Unfortunately, we did lose one lamb just 24 hours after it was born. Cocoa, the mother, was the ewe who lost her first lamb after giving birth in a snow storm last spring; I don’t think she really wanted to deal with two lambs for her mothering experience as I don’t believe she was letting the second lamb nurse at all. By the time we realized this, it was too late to save the poor little thing. Just another sad fact of nature, I guess. My girls didn’t cry, although there was certainly a feeling of sadness hanging over all of us.
So we have five baby lambs frolicking around our sheep pens. And they are really cute. Busy Toddler got the biggest belly laugh out of watching the little lambs when she went down to help feed this afternoon with Handsome Hubby.
My father-in-law has been very busy calving for the past month, as well. The winter weather here hasn’t really been very friendly for newborn calves and sheep, but somehow things are going all right.

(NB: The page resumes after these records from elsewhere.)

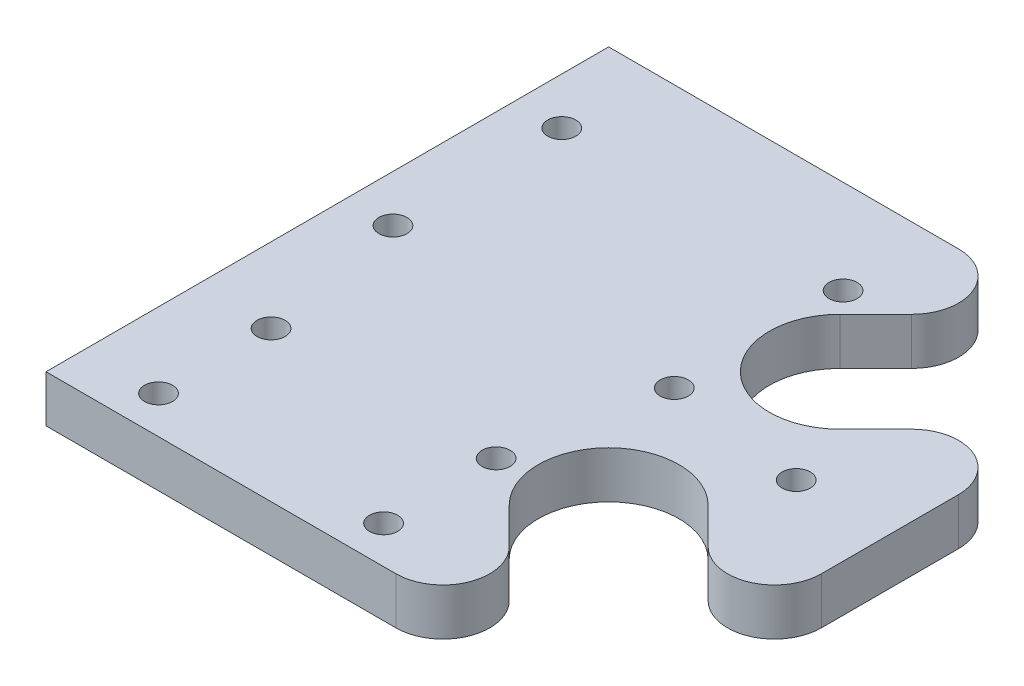
ISO-10303-21;
HEADER;
FILE_DESCRIPTION(('STEP AP214'),'2;1');
FILE_NAME('part.step','',(''),(''),'','','');
FILE_SCHEMA(('AUTOMOTIVE_DESIGN { 1 0 10303 214 1 1 1 1 }'));
ENDSEC;
DATA;
#1=APPLICATION_CONTEXT('core data for automotive mechanical design processes');
#2=APPLICATION_PROTOCOL_DEFINITION('international standard','automotive_design',2000,#1);
#3=PRODUCT_CONTEXT('',#1,'mechanical');
#4=PRODUCT('Part','Part','',(#3));
#5=PRODUCT_RELATED_PRODUCT_CATEGORY('part','',(#4));
#6=PRODUCT_DEFINITION_FORMATION('','',#4);
#7=PRODUCT_DEFINITION_CONTEXT('part definition',#1,'design');
#8=PRODUCT_DEFINITION('design','',#6,#7);
#9=PRODUCT_DEFINITION_SHAPE('','',#8);
#10=(LENGTH_UNIT() NAMED_UNIT(*) SI_UNIT(.MILLI.,.METRE.));
#11=(NAMED_UNIT(*) PLANE_ANGLE_UNIT() SI_UNIT($,.RADIAN.));
#12=(NAMED_UNIT(*) SI_UNIT($,.STERADIAN.) SOLID_ANGLE_UNIT());
#13=UNCERTAINTY_MEASURE_WITH_UNIT(LENGTH_MEASURE(1.E-05),#10,'distance_accuracy_value','');
#14=(GEOMETRIC_REPRESENTATION_CONTEXT(3) GLOBAL_UNCERTAINTY_ASSIGNED_CONTEXT((#13)) GLOBAL_UNIT_ASSIGNED_CONTEXT((#10,
#11,#12)) REPRESENTATION_CONTEXT('',''));
#15=CARTESIAN_POINT('',(0.,0.,0.));
#16=DIRECTION('',(0.,0.,1.));
#17=DIRECTION('',(1.,0.,0.));
#18=AXIS2_PLACEMENT_3D('',#15,#16,#17);
#19=CARTESIAN_POINT('',(30.,5.,30.));
#20=DIRECTION('',(-1.,0.,0.));
#21=DIRECTION('',(0.,0.,1.));
#22=AXIS2_PLACEMENT_3D('',#19,#20,#21);
#23=PLANE('',#22);
#24=DIRECTION('',(0.,0.,-1.));
#25=VECTOR('',#24,1.);
#26=CARTESIAN_POINT('',(30.,0.,30.));
#27=LINE('',#26,#25);
#28=CARTESIAN_POINT('',(30.,0.,7.32233047033629));
#29=VERTEX_POINT('',#28);
#30=CARTESIAN_POINT('',(30.,0.,-7.32233047033629));
#31=VERTEX_POINT('',#30);
#32=EDGE_CURVE('E147',#29,#31,#27,.T.);
#33=ORIENTED_EDGE('',*,*,#32,.T.);
#34=DIRECTION('',(0.,1.,0.));
#35=VECTOR('',#34,1.);
#36=CARTESIAN_POINT('',(30.,5.,-7.32233047033629));
#37=LINE('',#36,#35);
#38=CARTESIAN_POINT('',(30.,5.,-7.32233047033629));
#39=VERTEX_POINT('',#38);
#40=EDGE_CURVE('E218',#31,#39,#37,.T.);
#41=ORIENTED_EDGE('',*,*,#40,.T.);
#42=DIRECTION('',(0.,0.,-1.));
#43=VECTOR('',#42,1.);
#44=CARTESIAN_POINT('',(30.,5.,30.));
#45=LINE('',#44,#43);
#46=CARTESIAN_POINT('',(30.,5.,7.32233047033629));
#47=VERTEX_POINT('',#46);
#48=EDGE_CURVE('E191',#47,#39,#45,.T.);
#49=ORIENTED_EDGE('',*,*,#48,.F.);
#50=DIRECTION('',(0.,1.,0.));
#51=VECTOR('',#50,1.);
#52=CARTESIAN_POINT('',(30.,5.,7.32233047033629));
#53=LINE('',#52,#51);
#54=EDGE_CURVE('E216',#47,#29,#53,.F.);
#55=ORIENTED_EDGE('',*,*,#54,.T.);
#56=EDGE_LOOP('',(#33,#41,#49,#55));
#57=FACE_BOUND('',#56,.T.);
#58=ADVANCED_FACE('F35',(#57),#23,.F.);
#59=CARTESIAN_POINT('',(-30.,5.,-30.));
#60=DIRECTION('',(0.,0.,1.));
#61=DIRECTION('',(1.,0.,0.));
#62=AXIS2_PLACEMENT_3D('',#59,#60,#61);
#63=PLANE('',#62);
#64=DIRECTION('',(-1.,0.,0.));
#65=VECTOR('',#64,1.);
#66=CARTESIAN_POINT('',(-30.,5.,-30.));
#67=LINE('',#66,#65);
#68=CARTESIAN_POINT('',(7.32233047033629,5.,-30.));
#69=VERTEX_POINT('',#68);
#70=CARTESIAN_POINT('',(-30.,5.,-30.));
#71=VERTEX_POINT('',#70);
#72=EDGE_CURVE('E194',#69,#71,#67,.T.);
#73=ORIENTED_EDGE('',*,*,#72,.F.);
#74=DIRECTION('',(0.,1.,0.));
#75=VECTOR('',#74,1.);
#76=CARTESIAN_POINT('',(7.32233047033629,5.,-30.));
#77=LINE('',#76,#75);
#78=CARTESIAN_POINT('',(7.32233047033629,0.,-30.));
#79=VERTEX_POINT('',#78);
#80=EDGE_CURVE('E11',#69,#79,#77,.F.);
#81=ORIENTED_EDGE('',*,*,#80,.T.);
#82=DIRECTION('',(-1.,0.,0.));
#83=VECTOR('',#82,1.);
#84=CARTESIAN_POINT('',(-30.,0.,-30.));
#85=LINE('',#84,#83);
#86=CARTESIAN_POINT('',(-30.,0.,-30.));
#87=VERTEX_POINT('',#86);
#88=EDGE_CURVE('E205',#79,#87,#85,.T.);
#89=ORIENTED_EDGE('',*,*,#88,.T.);
#90=DIRECTION('',(0.,-1.,0.));
#91=VECTOR('',#90,1.);
#92=CARTESIAN_POINT('',(-30.,5.,-30.));
#93=LINE('',#92,#91);
#94=EDGE_CURVE('E213',#71,#87,#93,.T.);
#95=ORIENTED_EDGE('',*,*,#94,.F.);
#96=EDGE_LOOP('',(#73,#81,#89,#95));
#97=FACE_BOUND('',#96,.T.);
#98=ADVANCED_FACE('F301',(#97),#63,.F.);
#99=CARTESIAN_POINT('',(-30.,5.,30.));
#100=DIRECTION('',(1.,0.,0.));
#101=DIRECTION('',(0.,0.,-1.));
#102=AXIS2_PLACEMENT_3D('',#99,#100,#101);
#103=PLANE('',#102);
#104=DIRECTION('',(0.,0.,1.));
#105=VECTOR('',#104,1.);
#106=CARTESIAN_POINT('',(-30.,0.,30.));
#107=LINE('',#106,#105);
#108=CARTESIAN_POINT('',(-30.,0.,30.));
#109=VERTEX_POINT('',#108);
#110=EDGE_CURVE('E207',#87,#109,#107,.T.);
#111=ORIENTED_EDGE('',*,*,#110,.T.);
#112=DIRECTION('',(0.,-1.,0.));
#113=VECTOR('',#112,1.);
#114=CARTESIAN_POINT('',(-30.,5.,30.));
#115=LINE('',#114,#113);
#116=CARTESIAN_POINT('',(-30.,5.,30.));
#117=VERTEX_POINT('',#116);
#118=EDGE_CURVE('E202',#117,#109,#115,.T.);
#119=ORIENTED_EDGE('',*,*,#118,.F.);
#120=DIRECTION('',(0.,0.,1.));
#121=VECTOR('',#120,1.);
#122=CARTESIAN_POINT('',(-30.,5.,30.));
#123=LINE('',#122,#121);
#124=EDGE_CURVE('E197',#71,#117,#123,.T.);
#125=ORIENTED_EDGE('',*,*,#124,.F.);
#126=ORIENTED_EDGE('',*,*,#94,.T.);
#127=EDGE_LOOP('',(#111,#119,#125,#126));
#128=FACE_BOUND('',#127,.T.);
#129=ADVANCED_FACE('F289',(#128),#103,.F.);
#130=CARTESIAN_POINT('',(-30.,5.,30.));
#131=DIRECTION('',(0.,0.,-1.));
#132=DIRECTION('',(-1.,0.,0.));
#133=AXIS2_PLACEMENT_3D('',#130,#131,#132);
#134=PLANE('',#133);
#135=DIRECTION('',(1.,0.,0.));
#136=VECTOR('',#135,1.);
#137=CARTESIAN_POINT('',(-30.,0.,30.));
#138=LINE('',#137,#136);
#139=CARTESIAN_POINT('',(7.32233047033629,0.,30.));
#140=VERTEX_POINT('',#139);
#141=EDGE_CURVE('E195',#109,#140,#138,.T.);
#142=ORIENTED_EDGE('',*,*,#141,.T.);
#143=DIRECTION('',(0.,1.,0.));
#144=VECTOR('',#143,1.);
#145=CARTESIAN_POINT('',(7.32233047033629,5.,30.));
#146=LINE('',#145,#144);
#147=CARTESIAN_POINT('',(7.32233047033629,5.,30.));
#148=VERTEX_POINT('',#147);
#149=EDGE_CURVE('E240',#140,#148,#146,.T.);
#150=ORIENTED_EDGE('',*,*,#149,.T.);
#151=DIRECTION('',(1.,0.,0.));
#152=VECTOR('',#151,1.);
#153=CARTESIAN_POINT('',(-30.,5.,30.));
#154=LINE('',#153,#152);
#155=EDGE_CURVE('E199',#117,#148,#154,.T.);
#156=ORIENTED_EDGE('',*,*,#155,.F.);
#157=ORIENTED_EDGE('',*,*,#118,.T.);
#158=EDGE_LOOP('',(#142,#150,#156,#157));
#159=FACE_BOUND('',#158,.T.);
#160=ADVANCED_FACE('F284',(#159),#134,.F.);
#161=CARTESIAN_POINT('',(0.,5.,0.));
#162=DIRECTION('',(0.,-1.,0.));
#163=DIRECTION('',(0.,0.,-1.));
#164=AXIS2_PLACEMENT_3D('',#161,#162,#163);
#165=PLANE('',#164);
#166=CARTESIAN_POINT('',(-22.,5.,26.));
#167=DIRECTION('',(0.,1.,0.));
#168=DIRECTION('',(0.,0.,-1.));
#169=AXIS2_PLACEMENT_3D('',#166,#167,#168);
#170=CIRCLE('',#169,1.5);
#171=CARTESIAN_POINT('',(-22.,5.,24.5));
#172=VERTEX_POINT('',#171);
#173=EDGE_CURVE('E516',#172,#172,#170,.T.);
#174=ORIENTED_EDGE('',*,*,#173,.F.);
#175=EDGE_LOOP('',(#174));
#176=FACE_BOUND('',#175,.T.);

In my naïve, younger years, I always pictured tiny baby lambs and calves laying with their mothers on a bed of bright green grass with the sun shining brightly down on them. I suppose that scenario would be more realistic if these critters were born in May rather than February and early March, but that schedule doesn’t work well for us.
My father-in-law calves in February and March so he has more time for farming later in the spring; we have to lamb as early as possible so the babies will be as close to grown/finished as possible when it’s time to show them at the county fair. So our babies have been born amidst snow, sleet, rain, fog and mud. If the critters themselves weren’t so cute, it would be anything but a pretty sight.
We’re still watching the other two ewes, hoping to keep our lamb crop ratio as close to 200 percent as we can. And we’re hoping for warmer, drier weather.